Appellees contend they may show the true contract without a reformation, and cite State v. Butka, 230 Iowa 928, 299 N.W. 420. That was an action for specific performance of a contract brought by the State. No question was presented concerning immunity of the State from suit, which is the only issue in the instant case. There, upon the theory that the contract was ambiguous, oral testimony upon behalf of the defendant was permitted to show the real contract. It should be noted that in the cited case the testimony was received as a defensive proposition and in no way involved a money judgment against the State. See 49 Am. Jur., States, Territories and Dependencies, section 84. In the instant case the single thing desired is an additional payment from the State, not asked directly as a money judgment but by the indirect method of saying, "pay this additional sum or you must start condemnation proceedings for property already purchased and paid for according to the written agreement." We think this Division of the petition is covered by such cases as Hollingshead Co. v.

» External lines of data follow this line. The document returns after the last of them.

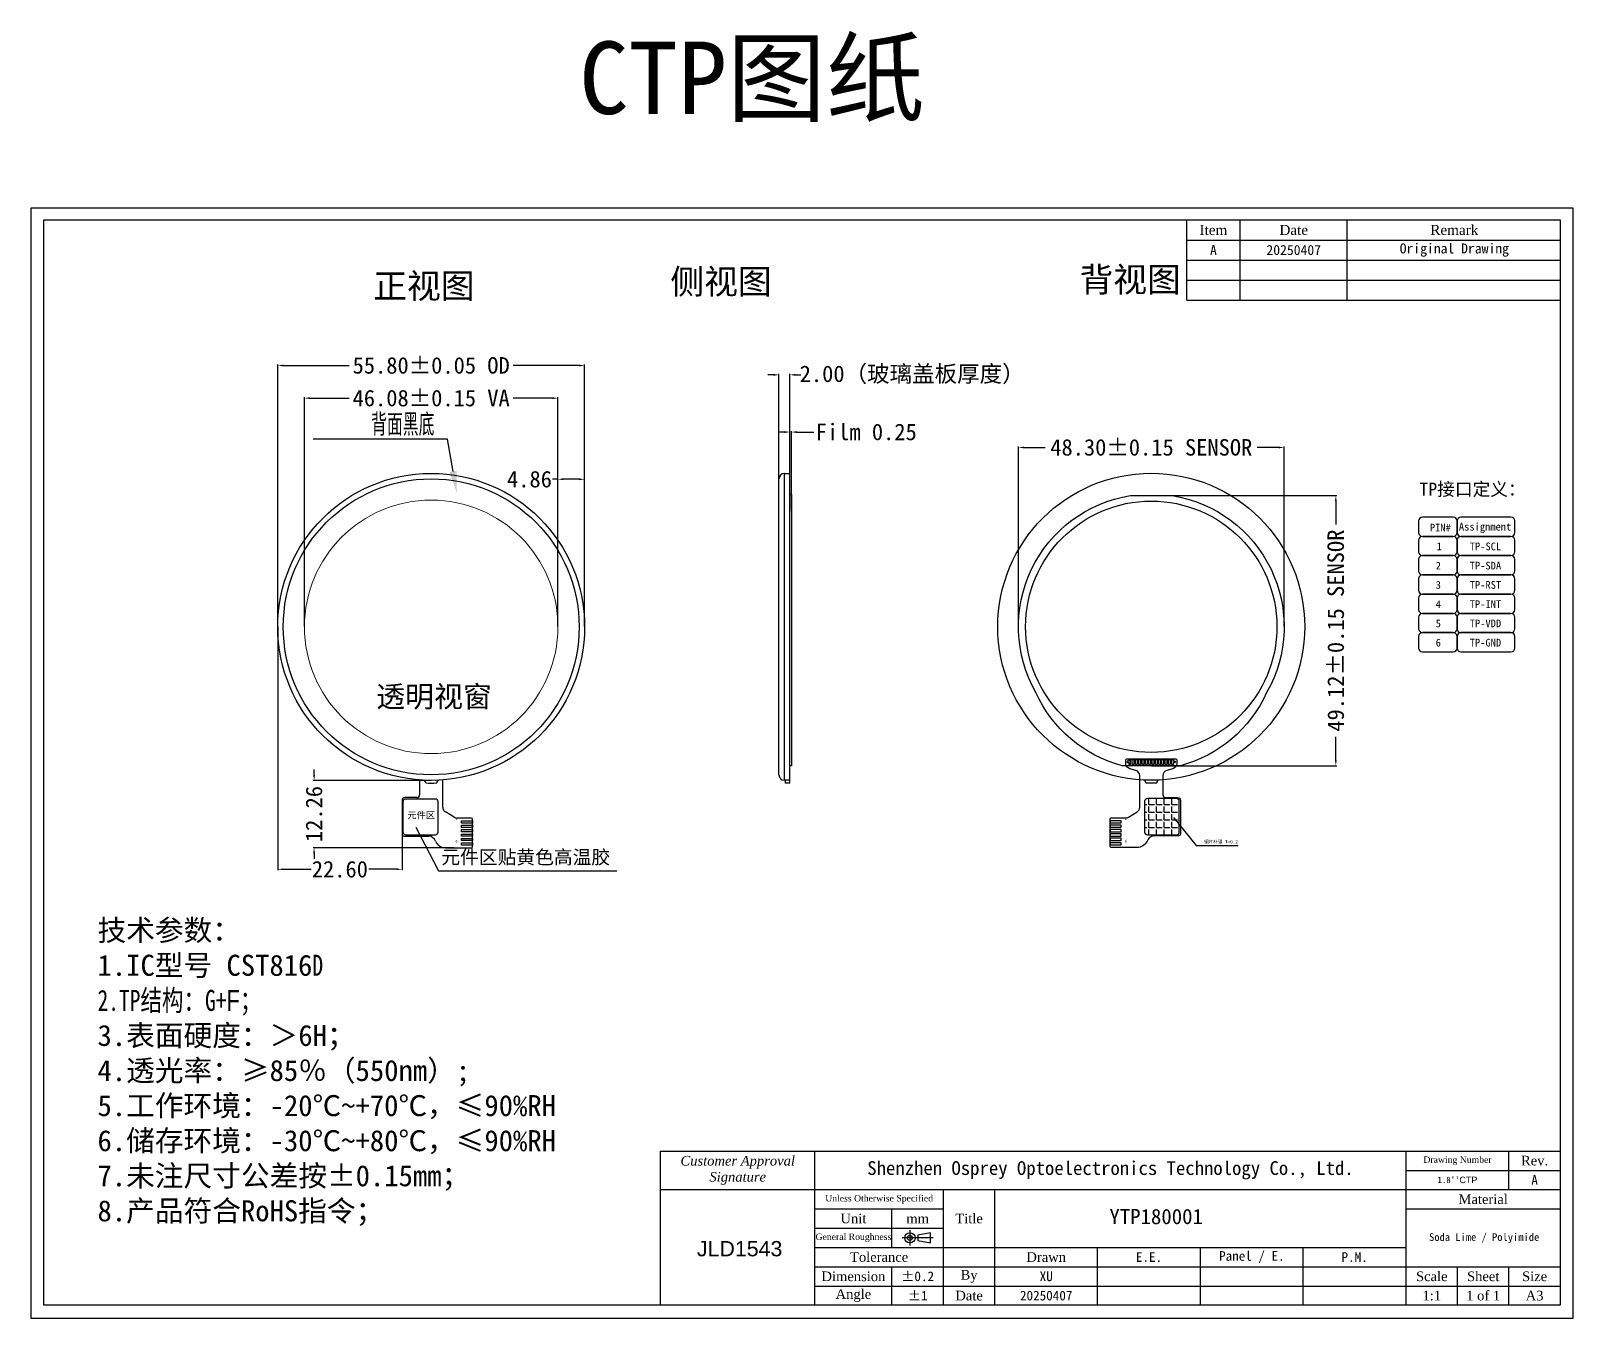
# Model space of a CAD drawing. Header units: millimetres. Extents: x 661 to 1565, y 210 to 444.
# Drawn here: x 660.8 to 941.2, y 210.2 to 444.2 of the extents above; entities that cross this region are included whole.
import ezdxf
from ezdxf import colors
from ezdxf.entities.mleader import LeaderData, LeaderLine
from ezdxf.math import Vec2, Vec3

# ---------------------------------------------------------------- set-up
doc = ezdxf.new("R2010")
doc.units = ezdxf.units.MM
doc.linetypes.add('CENTER', pattern=[50.8, 31.75, -6.35, 6.35, -6.35])
for name, color, linetype in [('b', 7, 'Continuous'), ('dimension', 3, 'Continuous'), ('FPC', 33, 'Continuous'), ('FRAME', 154, 'Continuous')]:
    doc.layers.add(name, color=color, linetype=linetype)
doc.layers.add('CEN', color=1, linetype='CENTER', lineweight=15)
doc.layers.add('合盛泰-CTP-DIM', color=3, linetype='Continuous', lineweight=15)
doc.styles.get("Standard").update_dxf_attribs({"font": 'txt', "bigfont": 'gbcbig.shx'})
doc.styles.add('宋体', font='')
doc.styles.get('宋体').set_extended_font_data('SimSun')
doc.dimstyles.new('ISO-25$7', dxfattribs={"dimscale": 0.5, "dimtxt": 2.5, "dimasz": 2, "dimexe": 0.65, "dimexo": 0, "dimtad": 0, "dimdsep": 46, "dimtxsty": 'Standard', "dimcen": 1.6, "dimclrd": 256, "dimclre": 73, "dimazin": 0, "dimtfac": 1, "dimtofl": 0, "dimtmove": 0, "dimatfit": 0, "dimfxl": 0, "dimtolj": 1, "dimlwd": -1, "dimlwe": 9, "dimarcsym": 0})
doc.dimstyles.new('STANDARD$0', dxfattribs={"dimtxt": 1.6, "dimasz": 1.2, "dimexe": 0.8, "dimexo": 0.5, "dimgap": 0.6, "dimtad": 0, "dimzin": 1, "dimdsep": 46, "dimtxsty": 'Standard', "dimcen": 0, "dimclrd": 3, "dimclre": 3, "dimclrt": 3, "dimadec": 1, "dimazin": 2, "dimtp": 0.2, "dimtm": 0.2, "dimtfac": 0.5, "dimtmove": 0, "dimatfit": 3, "dimfxl": 0, "dimlwd": 13, "dimlwe": 13, "dimarcsym": 0})

# ---------------------------------------------------------------- blocks, each defined once
blk = doc.blocks.new('*D142')
at = {"color": 0, "lineweight": -2, "transparency": 16777216}
for p, q in [((795.81, 381.67), (794.81, 381.67)), ((796.81, 360.05), (796.81, 381.85)), ((798.81, 363.82), (798.81, 381.85)), ((799.81, 381.67), (800.81, 381.67))]:
    blk.add_line(p, q, dxfattribs=at)
at = {"color": 0, "transparency": 16777216}
for points in [[(795.81, 381.84), (795.81, 381.5), (796.81, 381.67)], [(799.81, 381.84), (799.81, 381.5), (798.81, 381.67)]]:
    blk.add_solid(points, dxfattribs=at)
at = {"layer": 'Defpoints', "color": 0, "transparency": 16777216}
for p in [(798.81, 381.67), (798.81, 363.76), (796.81, 359.98)]:
    blk.add_point(p, dxfattribs=at)
at = {"color": 0, "transparency": 16777216, "insert": (821.03, 381.67), "char_height": 3, "attachment_point": 5, "style": '宋体'}
blk.add_mtext('\\A1;2.00（玻璃盖板厚度）', dxfattribs=at)
blk = doc.blocks.new('*D143')
at = {"color": 0, "lineweight": -2, "transparency": 16777216}
for p, q in [((797.81, 371.27), (796.81, 371.27)), ((798.81, 356.92), (798.81, 371.45)), ((799.06, 356.92), (799.06, 371.45)), ((800.06, 371.27), (803.12, 371.27))]:
    blk.add_line(p, q, dxfattribs=at)
at = {"color": 0, "transparency": 16777216}
for points in [[(797.81, 371.44), (797.81, 371.1), (798.81, 371.27)], [(800.06, 371.44), (800.06, 371.1), (799.06, 371.27)]]:
    blk.add_solid(points, dxfattribs=at)
at = {"layer": 'Defpoints', "color": 0, "transparency": 16777216}
for p in [(799.06, 371.27), (798.81, 356.86), (799.06, 356.86)]:
    blk.add_point(p, dxfattribs=at)
at = {"color": 0, "transparency": 16777216, "insert": (812.68, 371.27), "char_height": 3, "attachment_point": 5, "style": '宋体'}
blk.add_mtext('\\A1;Film 0.25', dxfattribs=at)
blk = doc.blocks.new('*D144')
at = {"color": 0, "lineweight": -2, "transparency": 16777216}
for p, q in [((705.68, 335.95), (705.68, 383.55)), ((706.68, 383.37), (718.68, 383.37)), ((760.48, 383.37), (748.49, 383.37)), ((761.48, 335.99), (761.48, 383.55))]:
    blk.add_line(p, q, dxfattribs=at)
at = {"color": 0, "transparency": 16777216}
for points in [[(706.68, 383.53), (706.68, 383.2), (705.68, 383.37)], [(760.48, 383.53), (760.48, 383.2), (761.48, 383.37)]]:
    blk.add_solid(points, dxfattribs=at)
at = {"layer": 'Defpoints', "color": 0, "transparency": 16777216}
for p in [(761.48, 383.37), (705.68, 335.89), (761.48, 335.93)]:
    blk.add_point(p, dxfattribs=at)
at = {"color": 0, "transparency": 16777216, "insert": (733.58, 383.37), "char_height": 3, "attachment_point": 5, "style": '宋体'}
blk.add_mtext('\\A1;55.80%%P0.05 OD', dxfattribs=at)
blk = doc.blocks.new('*D145')
at = {"color": 0, "lineweight": -2, "transparency": 16777216}
for p, q in [((710.54, 335.92), (710.54, 377.61)), ((711.54, 377.43), (718.68, 377.43)), ((755.62, 377.43), (748.49, 377.43)), ((756.62, 335.92), (756.62, 377.61))]:
    blk.add_line(p, q, dxfattribs=at)
at = {"color": 0, "transparency": 16777216}
for points in [[(711.54, 377.6), (711.54, 377.27), (710.54, 377.43)], [(755.62, 377.6), (755.62, 377.27), (756.62, 377.43)]]:
    blk.add_solid(points, dxfattribs=at)
at = {"layer": 'Defpoints', "color": 0, "transparency": 16777216}
for p in [(756.62, 377.43), (710.54, 335.86), (756.62, 335.86)]:
    blk.add_point(p, dxfattribs=at)
at = {"color": 0, "transparency": 16777216, "insert": (733.58, 377.43), "char_height": 3, "attachment_point": 5, "style": '宋体'}
blk.add_mtext('\\A1;46.08%%P0.15 VA', dxfattribs=at)
blk = doc.blocks.new('*D146')
at = {"color": 0, "lineweight": -2, "transparency": 16777216}
for p, q in [((756.62, 362.69), (755.62, 362.69)), ((756.62, 335.92), (756.62, 362.87)), ((760.48, 362.69), (757.62, 362.69)), ((761.48, 335.92), (761.48, 362.87))]:
    blk.add_line(p, q, dxfattribs=at)
at = {"color": 0, "transparency": 16777216}
for points in [[(757.62, 362.86), (757.62, 362.52), (756.62, 362.69)], [(760.48, 362.86), (760.48, 362.52), (761.48, 362.69)]]:
    blk.add_solid(points, dxfattribs=at)
at = {"layer": 'Defpoints', "color": 0, "transparency": 16777216}
for p in [(756.62, 362.69), (756.62, 335.86), (761.48, 335.86)]:
    blk.add_point(p, dxfattribs=at)
at = {"color": 0, "transparency": 16777216, "insert": (751.45, 362.69), "char_height": 3, "attachment_point": 5, "style": '宋体'}
blk.add_mtext('\\A1;4.86', dxfattribs=at)
blk = doc.blocks.new('*D149')
at = {"color": 0, "lineweight": -2, "transparency": 16777216}
for p, q in [((712.29, 308.95), (712.29, 309.95)), ((733.53, 307.95), (712.11, 307.95)), ((737.75, 295.7), (712.11, 295.7)), ((712.29, 294.7), (712.29, 293.7))]:
    blk.add_line(p, q, dxfattribs=at)
at = {"color": 0, "transparency": 16777216}
for points in [[(712.12, 308.95), (712.46, 308.95), (712.29, 307.95)], [(712.12, 294.7), (712.46, 294.7), (712.29, 295.7)]]:
    blk.add_solid(points, dxfattribs=at)
at = {"layer": 'Defpoints', "color": 0, "transparency": 16777216}
for p in [(733.59, 307.95), (712.29, 295.7), (737.81, 295.7)]:
    blk.add_point(p, dxfattribs=at)
at = {"color": 0, "transparency": 16777216, "insert": (712.29, 301.83), "char_height": 3, "attachment_point": 5, "rotation": 90, "style": '宋体'}
blk.add_mtext('\\A1;12.26', dxfattribs=at)
blk = doc.blocks.new('*D150')
at = {"color": 0, "lineweight": -2, "transparency": 16777216}
for p, q in [((705.68, 335.89), (705.68, 291.6)), ((728.28, 301.16), (728.28, 291.6)), ((706.68, 291.78), (711.75, 291.78)), ((727.28, 291.78), (722.22, 291.78))]:
    blk.add_line(p, q, dxfattribs=at)
at = {"color": 0, "transparency": 16777216}
for points in [[(706.68, 291.95), (706.68, 291.62), (705.68, 291.78)], [(727.28, 291.95), (727.28, 291.62), (728.28, 291.78)]]:
    blk.add_solid(points, dxfattribs=at)
at = {"layer": 'Defpoints', "color": 0, "transparency": 16777216}
for p in [(705.68, 335.95), (728.28, 301.22), (728.28, 291.78)]:
    blk.add_point(p, dxfattribs=at)
at = {"color": 0, "transparency": 16777216, "insert": (716.98, 291.78), "char_height": 3, "attachment_point": 5, "style": '宋体'}
blk.add_mtext('\\A1;22.60', dxfattribs=at)
blk = doc.blocks.new('*D147')
at = {"color": 0, "lineweight": -2, "transparency": 16777216}
for p, q in [((840.35, 335.7), (840.35, 368.65)), ((841.35, 368.47), (845.22, 368.47)), ((887.65, 368.47), (883.78, 368.47)), ((888.65, 335.94), (888.65, 368.65))]:
    blk.add_line(p, q, dxfattribs=at)
at = {"color": 0, "transparency": 16777216}
for points in [[(841.35, 368.64), (841.35, 368.3), (840.35, 368.47)], [(887.65, 368.64), (887.65, 368.3), (888.65, 368.47)]]:
    blk.add_solid(points, dxfattribs=at)
at = {"layer": 'Defpoints', "color": 0, "transparency": 16777216}
for p in [(888.65, 368.47), (840.35, 335.64), (888.65, 335.88)]:
    blk.add_point(p, dxfattribs=at)
at = {"color": 0, "transparency": 16777216, "insert": (864.5, 368.47), "char_height": 3, "attachment_point": 5, "style": '宋体'}
blk.add_mtext('\\A1;48.30%%P0.15 SENSOR', dxfattribs=at)
blk = doc.blocks.new('*D148')
at = {"color": 0, "lineweight": -2, "transparency": 16777216}
for p, q in [((864.56, 359.73), (898.23, 359.73)), ((898.05, 358.73), (898.05, 354.45)), ((898.05, 311.62), (898.05, 315.89)), ((864.56, 310.62), (898.23, 310.62))]:
    blk.add_line(p, q, dxfattribs=at)
at = {"color": 0, "transparency": 16777216}
for points in [[(897.89, 358.73), (898.22, 358.73), (898.05, 359.73)], [(897.89, 311.62), (898.22, 311.62), (898.05, 310.62)]]:
    blk.add_solid(points, dxfattribs=at)
at = {"layer": 'Defpoints', "color": 0, "transparency": 16777216}
for p in [(864.5, 359.73), (864.5, 310.62), (898.05, 310.62)]:
    blk.add_point(p, dxfattribs=at)
at = {"color": 0, "transparency": 16777216, "insert": (898.05, 335.17), "char_height": 3, "attachment_point": 5, "rotation": 90, "style": '宋体'}
blk.add_mtext('\\A1;49.12%%P0.15 SENSOR', dxfattribs=at)

msp = doc.modelspace()

# ---------------------------------------------------------------- hatches: boundary and pattern name
at = {"layer": 'b'}
h = msp.add_hatch(dxfattribs=at)
h.set_pattern_fill('ANGLE', color=1, scale=0.2, style=0)
h.set_pattern_definition([(0, (-911.5306, 258.8561), (0, 1.397), [1.016, -0.381]), (90, (-911.5306, 258.8561), (-1.397, 9e-17), [1.016, -0.381])])
h.paths.add_polyline_path([(869.5964, 304.1433, 0.41421356), (869.0964, 304.6433), (863.7964, 304.6433, 0.41421356), (863.2964, 304.1433), (863.2964, 298.5433, 0.41421356), (863.7964, 298.0433), (869.0964, 298.0433, 0.41421356), (869.5964, 298.5433)])

# ---------------------------------------------------------------- linework, layer by layer
at = {"color": 6, "linetype": 'Continuous'}
for p, q in [((796.8113, 308.9575), (796.8113, 362.7575)), ((797.8113, 307.9575), (797.8113, 363.7575)), ((797.8113, 363.7575), (798.8113, 363.7575)), ((798.8113, 307.4575), (798.8113, 363.7575)), ((732.5848, 307.4969), (732.5848, 307.4748)), ((734.5848, 307.4748), (734.5848, 307.4969)), ((798.0113, 307.9575), (797.8113, 307.9575)), ((798.8113, 307.9965), (798.0113, 307.9965)), ((798.0113, 307.4575), (798.0113, 307.9965)), ((798.8113, 307.4575), (798.0113, 307.4575)), ((863.4964, 307.521), (863.4964, 307.4989)), ((865.4964, 307.4989), (865.4964, 307.521))]:
    msp.add_line(p, q, dxfattribs=at)
at = {"color": 2}
for p, q in [((731.4847, 308.0343), (731.4847, 305.3192)), ((735.6847, 303.0601), (735.6847, 308.0342)), ((728.2848, 304.3192), (728.2848, 298.1192)), ((730.9847, 304.8192), (728.7848, 304.8192)), ((737.7379, 301.2449), (736.1634, 302.2067)), ((740.8648, 301.0983), (738.2592, 301.0983)), ((741.0648, 295.8983), (741.0648, 300.8983)), ((728.5848, 297.8192), (733.1848, 297.8192)), ((736.1848, 295.6983), (740.8648, 295.6983))]:
    msp.add_line(p, q, dxfattribs=at)
at = {"color": 7}
for points in [[(913.0969, 355.1063), (913.0969, 353.0063, 0.41421356), (913.7969, 352.3063), (919.3969, 352.3063, 0.41421356), (920.0969, 353.0063), (920.0969, 355.1063, 0.41421356), (919.3969, 355.8063), (913.7969, 355.8063, 0.41421356)], [(920.0969, 355.1063), (920.0969, 353.0063, 0.41421356), (920.7969, 352.3063), (929.8969, 352.3063, 0.41421356), (930.5969, 353.0063), (930.5969, 355.1063, 0.41421356), (929.8969, 355.8063), (920.7969, 355.8063, 0.41421356)], [(913.0969, 351.6063), (913.0969, 349.5063, 0.41421356), (913.7969, 348.8063), (919.3969, 348.8063, 0.41421356), (920.0969, 349.5063), (920.0969, 351.6063, 0.41421356), (919.3969, 352.3063), (913.7969, 352.3063, 0.41421356)], [(920.0969, 351.6063), (920.0969, 349.5063, 0.41421356), (920.7969, 348.8063), (929.8969, 348.8063, 0.41421356), (930.5969, 349.5063), (930.5969, 351.6063, 0.41421356), (929.8969, 352.3063), (920.7969, 352.3063, 0.41421356)], [(920.0969, 351.6063), (920.0969, 349.5063, 0.41421356), (920.7969, 348.8063), (929.8969, 348.8063, 0.41421356), (930.5969, 349.5063), (930.5969, 351.6063, 0.41421356), (929.8969, 352.3063), (920.7969, 352.3063, 0.41421356)], [(913.0969, 348.1063), (913.0969, 346.0063, 0.41421356), (913.7969, 345.3063), (919.3969, 345.3063, 0.41421356), (920.0969, 346.0063), (920.0969, 348.1063, 0.41421356), (919.3969, 348.8063), (913.7969, 348.8063, 0.41421356)], [(920.0969, 348.1063), (920.0969, 346.0063, 0.41421356), (920.7969, 345.3063), (929.8969, 345.3063, 0.41421356), (930.5969, 346.0063), (930.5969, 348.1063, 0.41421356), (929.8969, 348.8063), (920.7969, 348.8063, 0.41421356)], [(920.0969, 348.1063), (920.0969, 346.0063, 0.41421356), (920.7969, 345.3063), (929.8969, 345.3063, 0.41421356), (930.5969, 346.0063), (930.5969, 348.1063, 0.41421356), (929.8969, 348.8063), (920.7969, 348.8063, 0.41421356)], [(913.0969, 344.6063), (913.0969, 342.5063, 0.41421356), (913.7969, 341.8063), (919.3969, 341.8063, 0.41421356), (920.0969, 342.5063), (920.0969, 344.6063, 0.41421356), (919.3969, 345.3063), (913.7969, 345.3063, 0.41421356)], [(920.0969, 344.6063), (920.0969, 342.5063, 0.41421356), (920.7969, 341.8063), (929.8969, 341.8063, 0.41421356), (930.5969, 342.5063), (930.5969, 344.6063, 0.41421356), (929.8969, 345.3063), (920.7969, 345.3063, 0.41421356)], [(913.0969, 341.1063), (913.0969, 339.0063, 0.41421356), (913.7969, 338.3063), (919.3969, 338.3063, 0.41421356), (920.0969, 339.0063), (920.0969, 341.1063, 0.41421356), (919.3969, 341.8063), (913.7969, 341.8063, 0.41421356)], [(920.0969, 341.1063), (920.0969, 339.0063, 0.41421356), (920.7969, 338.3063), (929.8969, 338.3063, 0.41421356), (930.5969, 339.0063), (930.5969, 341.1063, 0.41421356), (929.8969, 341.8063), (920.7969, 341.8063, 0.41421356)], [(920.0969, 341.1063), (920.0969, 339.0063, 0.41421356), (920.7969, 338.3063), (929.8969, 338.3063, 0.41421356), (930.5969, 339.0063), (930.5969, 341.1063, 0.41421356), (929.8969, 341.8063), (920.7969, 341.8063, 0.41421356)], [(913.0969, 337.6063), (913.0969, 335.5063, 0.41421356), (913.7969, 334.8063), (919.3969, 334.8063, 0.41421356), (920.0969, 335.5063), (920.0969, 337.6063, 0.41421356), (919.3969, 338.3063), (913.7969, 338.3063, 0.41421356)], [(920.0969, 337.6063), (920.0969, 335.5063, 0.41421356), (920.7969, 334.8063), (929.8969, 334.8063, 0.41421356), (930.5969, 335.5063), (930.5969, 337.6063, 0.41421356), (929.8969, 338.3063), (920.7969, 338.3063, 0.41421356)], [(913.0969, 334.1063), (913.0969, 332.0063, 0.41421356), (913.7969, 331.3063), (919.3969, 331.3063, 0.41421356), (920.0969, 332.0063), (920.0969, 334.1063, 0.41421356), (919.3969, 334.8063), (913.7969, 334.8063, 0.41421356)], [(920.0969, 334.1063), (920.0969, 332.0063, 0.41421356), (920.7969, 331.3063), (929.8969, 331.3063, 0.41421356), (930.5969, 332.0063), (930.5969, 334.1063, 0.41421356), (929.8969, 334.8063), (920.7969, 334.8063, 0.41421356)], [(920.0969, 334.1063), (920.0969, 332.0063, 0.41421356), (920.7969, 331.3063), (929.8969, 331.3063, 0.41421356), (930.5969, 332.0063), (930.5969, 334.1063, 0.41421356), (929.8969, 334.8063), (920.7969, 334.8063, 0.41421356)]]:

Board of Control, 196 Iowa 841, 195 N.W. 577; De Votie v. Iowa State Fair Board, 216 Iowa 281, 249 N.W. 429; Bachman v. Iowa State Highway Comm., 236 Iowa 778, 20 N.W.2d 18; State v. F.W. Fitch Co., 236 Iowa 208, 17 N.W.2d 380. The special appearance should have been sustained.
For the reasons above set forth the judgment of the trial court is reversed. — Reversed.
All JUSTICES concur except THORNTON, J., who takes no part.